_What the task requires_: Search the entries below. Return every line that has "mechanical" in it.

Dataset records
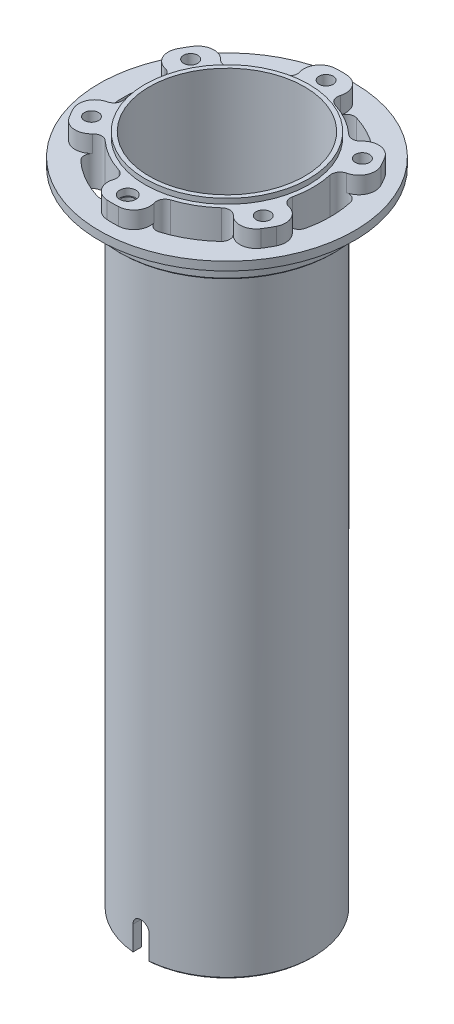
ISO-10303-21;
HEADER;
FILE_DESCRIPTION(('STEP AP214'),'2;1');
FILE_NAME('part.step','',(''),(''),'','','');
FILE_SCHEMA(('AUTOMOTIVE_DESIGN { 1 0 10303 214 1 1 1 1 }'));
ENDSEC;
DATA;
#1=APPLICATION_CONTEXT('core data for automotive mechanical design processes');
#2=APPLICATION_PROTOCOL_DEFINITION('international standard','automotive_design',2000,#1);
#3=PRODUCT_CONTEXT('',#1,'mechanical');
#4=PRODUCT('Part','Part','',(#3));
#5=PRODUCT_RELATED_PRODUCT_CATEGORY('part','',(#4));
#6=PRODUCT_DEFINITION_FORMATION('','',#4);
#7=PRODUCT_DEFINITION_CONTEXT('part definition',#1,'design');
#8=PRODUCT_DEFINITION('design','',#6,#7);
#9=PRODUCT_DEFINITION_SHAPE('','',#8);
#10=(LENGTH_UNIT() NAMED_UNIT(*) SI_UNIT(.MILLI.,.METRE.));
#11=(NAMED_UNIT(*) PLANE_ANGLE_UNIT() SI_UNIT($,.RADIAN.));
#12=(NAMED_UNIT(*) SI_UNIT($,.STERADIAN.) SOLID_ANGLE_UNIT());
#13=UNCERTAINTY_MEASURE_WITH_UNIT(LENGTH_MEASURE(1.E-05),#10,'distance_accuracy_value','');
#14=(GEOMETRIC_REPRESENTATION_CONTEXT(3) GLOBAL_UNCERTAINTY_ASSIGNED_CONTEXT((#13)) GLOBAL_UNIT_ASSIGNED_CONTEXT((#10,
#11,#12)) REPRESENTATION_CONTEXT('',''));
#15=CARTESIAN_POINT('',(0.,0.,0.));
#16=DIRECTION('',(0.,0.,1.));
#17=DIRECTION('',(1.,0.,0.));
#18=AXIS2_PLACEMENT_3D('',#15,#16,#17);
#19=CARTESIAN_POINT('',(0.,0.,0.));
#20=DIRECTION('',(0.,-1.,0.));
#21=DIRECTION('',(0.,0.,-1.));
#22=AXIS2_PLACEMENT_3D('',#19,#20,#21);
#23=CYLINDRICAL_SURFACE('',#22,22.86);
#24=CARTESIAN_POINT('',(0.,1.524,0.));
#25=DIRECTION('',(0.,-1.,0.));
#26=DIRECTION('',(0.,0.,-1.));
#27=AXIS2_PLACEMENT_3D('',#24,#25,#26);
#28=CIRCLE('',#27,22.86);
#29=CARTESIAN_POINT('',(0.,1.524,-22.86));
#30=VERTEX_POINT('',#29);
#31=EDGE_CURVE('E900',#30,#30,#28,.T.);
#32=ORIENTED_EDGE('',*,*,#31,.F.);
#33=EDGE_LOOP('',(#32));
#34=FACE_BOUND('',#33,.T.);
#35=DIRECTION('',(0.,-1.,0.));
#36=VECTOR('',#35,1.);
#37=CARTESIAN_POINT('',(-2.38125,0.,22.7356382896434));
#38=LINE('',#37,#36);
#39=CARTESIAN_POINT('',(-2.38125,-196.342,22.7356382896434));
#40=VERTEX_POINT('',#39);
#41=CARTESIAN_POINT('',(-2.38125,-189.23,22.7356382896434));
#42=VERTEX_POINT('',#41);
#43=EDGE_CURVE('E493',#40,#42,#38,.F.);
#44=ORIENTED_EDGE('',*,*,#43,.F.);
#45=CARTESIAN_POINT('',(0.,-193.96075,0.));
#46=DIRECTION('',(0.707106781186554,-0.707106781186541,0.));
#47=DIRECTION('',(-0.707106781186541,-0.707106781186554,0.));
#48=AXIS2_PLACEMENT_3D('',#45,#46,#47);
#49=ELLIPSE('',#48,32.3289220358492,22.86);
#50=CARTESIAN_POINT('',(-2.88925,-196.85,22.6766804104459));
#51=VERTEX_POINT('',#50);
#52=EDGE_CURVE('E1648',#40,#51,#49,.T.);
#53=ORIENTED_EDGE('',*,*,#52,.T.);
#54=CARTESIAN_POINT('',(0.,-196.85,0.));
#55=DIRECTION('',(0.,-1.,0.));
#56=DIRECTION('',(0.,0.,-1.));
#57=AXIS2_PLACEMENT_3D('',#54,#55,#56);
#58=CIRCLE('',#57,22.86);
#59=CARTESIAN_POINT('',(2.88925,-196.85,22.6766804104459));
#60=VERTEX_POINT('',#59);
#61=EDGE_CURVE('E905',#51,#60,#58,.T.);
#62=ORIENTED_EDGE('',*,*,#61,.T.);
#63=CARTESIAN_POINT('',(0.,-193.96075,0.));
#64=DIRECTION('',(-0.707106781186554,-0.707106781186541,0.));
#65=DIRECTION('',(0.707106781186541,-0.707106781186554,0.));
#66=AXIS2_PLACEMENT_3D('',#63,#64,#65);
#67=ELLIPSE('',#66,32.3289220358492,22.86);
#68=CARTESIAN_POINT('',(2.38125,-196.342,22.7356382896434));
#69=VERTEX_POINT('',#68);
#70=EDGE_CURVE('E1643',#60,#69,#67,.T.);
#71=ORIENTED_EDGE('',*,*,#70,.T.);
#72=DIRECTION('',(0.,-1.,0.));
#73=VECTOR('',#72,1.);
#74=CARTESIAN_POINT('',(2.38125,0.,22.7356382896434));
#75=LINE('',#74,#73);
#76=CARTESIAN_POINT('',(2.38125,-189.23,22.7356382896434));
#77=VERTEX_POINT('',#76);
#78=EDGE_CURVE('E1655',#77,#69,#75,.T.);
#79=ORIENTED_EDGE('',*,*,#78,.F.);
#80=CARTESIAN_POINT('',(-2.38124999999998,-189.23,22.7356382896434));
#81=CARTESIAN_POINT('',(-2.38125662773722,-189.163218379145,22.7356353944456));
#82=CARTESIAN_POINT('',(-2.37844072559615,-189.096440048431,22.7359324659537));
#83=CARTESIAN_POINT('',(-2.3672151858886,-188.963364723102,22.7371051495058));
#84=CARTESIAN_POINT('',(-2.35880592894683,-188.897067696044,22.737980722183));
#85=CARTESIAN_POINT('',(-2.33645533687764,-188.76548142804,22.7402879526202));
#86=CARTESIAN_POINT('',(-2.32251912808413,-188.700191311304,22.7417190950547));
#87=CARTESIAN_POINT('',(-2.28923048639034,-188.571039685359,22.7450939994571));
#88=CARTESIAN_POINT('',(-2.26987809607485,-188.507178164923,22.7470377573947));
#89=CARTESIAN_POINT('',(-2.20386311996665,-188.318365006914,22.753561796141));
#90=CARTESIAN_POINT('',(-2.14923098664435,-188.196116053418,22.7588361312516));
#91=CARTESIAN_POINT('',(-2.02036325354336,-187.962603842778,22.7706365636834));
#92=CARTESIAN_POINT('',(-1.946129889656,-187.851339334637,22.7771625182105));
#93=CARTESIAN_POINT('',(-1.77984097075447,-187.642426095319,22.7907597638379));
#94=CARTESIAN_POINT('',(-1.687725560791,-187.54482504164,22.7978328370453));
#95=CARTESIAN_POINT('',(-1.4884095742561,-187.366432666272,22.8117118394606));
#96=CARTESIAN_POINT('',(-1.38120670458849,-187.285643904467,22.8185177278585));
#97=CARTESIAN_POINT('',(-1.15446571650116,-187.143007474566,22.8311127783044));
#98=CARTESIAN_POINT('',(-1.03490031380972,-187.081202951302,22.8368996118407));
#99=CARTESIAN_POINT('',(-0.787025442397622,-186.97857060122,22.8467844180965));
#100=CARTESIAN_POINT('',(-0.658716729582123,-186.937740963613,22.8508825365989));
#101=CARTESIAN_POINT('',(-0.397485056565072,-186.878355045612,22.856915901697));
#102=CARTESIAN_POINT('',(-0.26458054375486,-186.859718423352,22.858858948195));
#103=CARTESIAN_POINT('',(0.00248637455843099,-186.844998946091,22.860389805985));
#104=CARTESIAN_POINT('',(0.136648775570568,-186.8489160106,22.8599776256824));
#105=CARTESIAN_POINT('',(0.401870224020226,-186.879128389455,22.856850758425));
#106=CARTESIAN_POINT('',(0.532939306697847,-186.905336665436,22.854145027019));
#107=CARTESIAN_POINT('',(0.788807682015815,-186.979251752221,22.8467453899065));
#108=CARTESIAN_POINT('',(0.913606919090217,-187.026958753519,22.8420514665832));
#109=CARTESIAN_POINT('',(1.15366964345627,-187.142613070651,22.8311876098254));
#110=CARTESIAN_POINT('',(1.26891431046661,-187.210599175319,22.8250148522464));
#111=CARTESIAN_POINT('',(1.48638541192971,-187.364850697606,22.8118860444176));
#112=CARTESIAN_POINT('',(1.5886120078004,-187.451115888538,22.8049300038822));
#113=CARTESIAN_POINT('',(1.77764768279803,-187.639952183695,22.7909765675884));
#114=CARTESIAN_POINT('',(1.8643833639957,-187.742596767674,22.7839791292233));
#115=CARTESIAN_POINT('',(2.01943141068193,-187.961067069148,22.7707613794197));
#116=CARTESIAN_POINT('',(2.0877381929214,-188.076896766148,22.764541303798));
#117=CARTESIAN_POINT('',(2.20398782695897,-188.318522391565,22.7535813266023));
#118=CARTESIAN_POINT('',(2.25191371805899,-188.444326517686,22.7488426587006));
#119=CARTESIAN_POINT('',(2.32586934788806,-188.702163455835,22.7414013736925));
#120=CARTESIAN_POINT('',(2.35193218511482,-188.834186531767,22.7386956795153));
#121=CARTESIAN_POINT('',(2.37156241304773,-189.010948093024,22.7366510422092));
#122=CARTESIAN_POINT('',(2.37519704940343,-189.054717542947,22.7362715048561));
#123=CARTESIAN_POINT('',(2.38003756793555,-189.142318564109,22.7357654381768));
#124=CARTESIAN_POINT('',(2.38124750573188,-189.186149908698,22.7356384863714));
#125=CARTESIAN_POINT('',(2.38125000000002,-189.23,22.7356382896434));
#126=B_SPLINE_CURVE_WITH_KNOTS('',3,(#80,#81,#82,#83,#84,#85,#86,#87,#88,#89,#90,#91,#92,#93,
#94,#95,#96,#97,#98,#99,#100,#101,#102,#103,#104,#105,#106,#107,#108,#109,#110,#111,#112,#113,
#114,#115,#116,#117,#118,#119,#120,#121,#122,#123,#124,#125),.UNSPECIFIED.,.F.,.F.,(4,2,2,2,2,2,
2,2,2,2,2,2,2,2,2,2,2,2,2,2,2,2,4),(0.,0.200278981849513,0.400544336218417,0.600624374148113,
0.800702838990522,1.20065322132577,1.60055800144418,2.00182517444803,2.40315340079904,
2.80538707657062,3.20758602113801,3.60832447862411,4.00906150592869,4.40824095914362,
4.80742394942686,5.20737542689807,5.60732194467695,6.00911589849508,6.41103144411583,
6.81328080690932,7.21492009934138,7.34663653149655,7.47813246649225),.UNSPECIFIED.);
#127=EDGE_CURVE('E455',#42,#77,#126,.T.);
#128=ORIENTED_EDGE('',*,*,#127,.F.);
#129=EDGE_LOOP('',(#44,#53,#62,#71,#79,#128));
#130=FACE_BOUND('',#129,.T.);
#131=ADVANCED_FACE('F39',(#34,#130),#23,.F.);
#132=CARTESIAN_POINT('',(-22.86,-196.85,0.));
#133=DIRECTION('',(0.,1.,0.));
#134=DIRECTION('',(0.,0.,1.));
#135=AXIS2_PLACEMENT_3D('',#132,#133,#134);
#136=PLANE('',#135);
#137=ORIENTED_EDGE('',*,*,#61,.F.);
#138=DIRECTION('',(0.,0.,1.));
#139=VECTOR('',#138,1.);
#140=CARTESIAN_POINT('',(-2.88925,-196.85,25.2881325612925));
#141=LINE('',#140,#139);
#142=CARTESIAN_POINT('',(-2.88925,-196.85,24.7237517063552));
#143=VERTEX_POINT('',#142);
#144=EDGE_CURVE('E1645',#51,#143,#141,.T.);
#145=ORIENTED_EDGE('',*,*,#144,.T.);
#146=CARTESIAN_POINT('',(0.,-196.85,0.));
#147=DIRECTION('',(0.,1.,0.));
#148=DIRECTION('',(0.,0.,1.));
#149=AXIS2_PLACEMENT_3D('',#146,#147,#148);
#150=CIRCLE('',#149,24.892);
#151=CARTESIAN_POINT('',(2.88925,-196.85,24.7237517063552));
#152=VERTEX_POINT('',#151);
#153=EDGE_CURVE('E68',#143,#152,#150,.F.);
#154=ORIENTED_EDGE('',*,*,#153,.T.);
#155=DIRECTION('',(0.,0.,-1.));
#156=VECTOR('',#155,1.);
#157=CARTESIAN_POINT('',(2.88925,-196.85,22.7356382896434));
#158=LINE('',#157,#156);
#159=EDGE_CURVE('E1642',#152,#60,#158,.T.);
#160=ORIENTED_EDGE('',*,*,#159,.T.);
#161=EDGE_LOOP('',(#137,#145,#154,#160));
#162=FACE_BOUND('',#161,.T.);
#163=ADVANCED_FACE('F500',(#162),#136,.F.);
#164=CARTESIAN_POINT('',(0.,0.,0.));
#165=DIRECTION('',(0.,-1.,0.));
#166=DIRECTION('',(0.,0.,-1.));
#167=AXIS2_PLACEMENT_3D('',#164,#165,#166);
#168=CYLINDRICAL_SURFACE('',#167,25.4);
#169=CARTESIAN_POINT('',(0.,-14.732,0.));
#170=DIRECTION('',(0.,1.,0.));
#171=DIRECTION('',(0.,0.,1.));
#172=AXIS2_PLACEMENT_3D('',#169,#170,#171);
#173=CIRCLE('',#172,25.4);
#174=CARTESIAN_POINT('',(17.1599912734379,-14.732,-18.726844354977));
#175=VERTEX_POINT('',#174);
#176=CARTESIAN_POINT('',(24.7979185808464,-14.732,-5.49756619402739));
#177=VERTEX_POINT('',#176);
#178=EDGE_CURVE('E869',#175,#177,#173,.F.);
#179=ORIENTED_EDGE('',*,*,#178,.T.);
#180=DIRECTION('',(0.,1.,0.));
#181=VECTOR('',#180,1.);
#182=CARTESIAN_POINT('',(24.7979185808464,-19.05,-5.49756619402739));
#183=LINE('',#182,#181);
#184=CARTESIAN_POINT('',(24.7979185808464,0.,-5.49756619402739));
#185=VERTEX_POINT('',#184);
#186=EDGE_CURVE('E1179',#177,#185,#183,.T.);
#187=ORIENTED_EDGE('',*,*,#186,.T.);
#188=CARTESIAN_POINT('',(0.,0.,0.));
#189=DIRECTION('',(0.,-1.,0.));
#190=DIRECTION('',(0.866025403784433,0.,0.50000000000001));
#191=AXIS2_PLACEMENT_3D('',#188,#189,#190);
#192=CIRCLE('',#191,25.4);
#193=CARTESIAN_POINT('',(24.7979185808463,0.,5.49756619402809));
#194=VERTEX_POINT('',#193);
#195=EDGE_CURVE('E1177',#185,#194,#192,.T.);
#196=ORIENTED_EDGE('',*,*,#195,.T.);
#197=DIRECTION('',(0.,1.,0.));
#198=VECTOR('',#197,1.);
#199=CARTESIAN_POINT('',(24.7979185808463,-19.05,5.49756619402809));
#200=LINE('',#199,#198);
#201=CARTESIAN_POINT('',(24.7979185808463,-14.732,5.49756619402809));
#202=VERTEX_POINT('',#201);
#203=EDGE_CURVE('E1172',#202,#194,#200,.T.);
#204=ORIENTED_EDGE('',*,*,#203,.F.);
#205=CARTESIAN_POINT('',(17.1599912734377,-14.732,18.7268443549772));
#206=VERTEX_POINT('',#205);
#207=EDGE_CURVE('E861',#202,#206,#173,.F.);
#208=ORIENTED_EDGE('',*,*,#207,.T.);
#209=DIRECTION('',(0.,1.,0.));
#210=VECTOR('',#209,1.);
#211=CARTESIAN_POINT('',(17.1599912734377,-19.05,18.7268443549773));
#212=LINE('',#211,#210);
#213=CARTESIAN_POINT('',(17.1599912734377,0.,18.7268443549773));
#214=VERTEX_POINT('',#213);
#215=EDGE_CURVE('E949',#206,#214,#212,.T.);
#216=ORIENTED_EDGE('',*,*,#215,.T.);
#217=CARTESIAN_POINT('',(0.,0.,0.));
#218=DIRECTION('',(0.,-1.,0.));
#219=DIRECTION('',(0.,0.,1.));
#220=AXIS2_PLACEMENT_3D('',#217,#218,#219);
#221=CIRCLE('',#220,25.4);
#222=CARTESIAN_POINT('',(7.63792730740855,0.,24.224410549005));
#223=VERTEX_POINT('',#222);
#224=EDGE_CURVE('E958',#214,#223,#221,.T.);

_Task solution_:
#1=APPLICATION_CONTEXT('core data for automotive mechanical design processes');
#3=PRODUCT_CONTEXT('',#1,'mechanical');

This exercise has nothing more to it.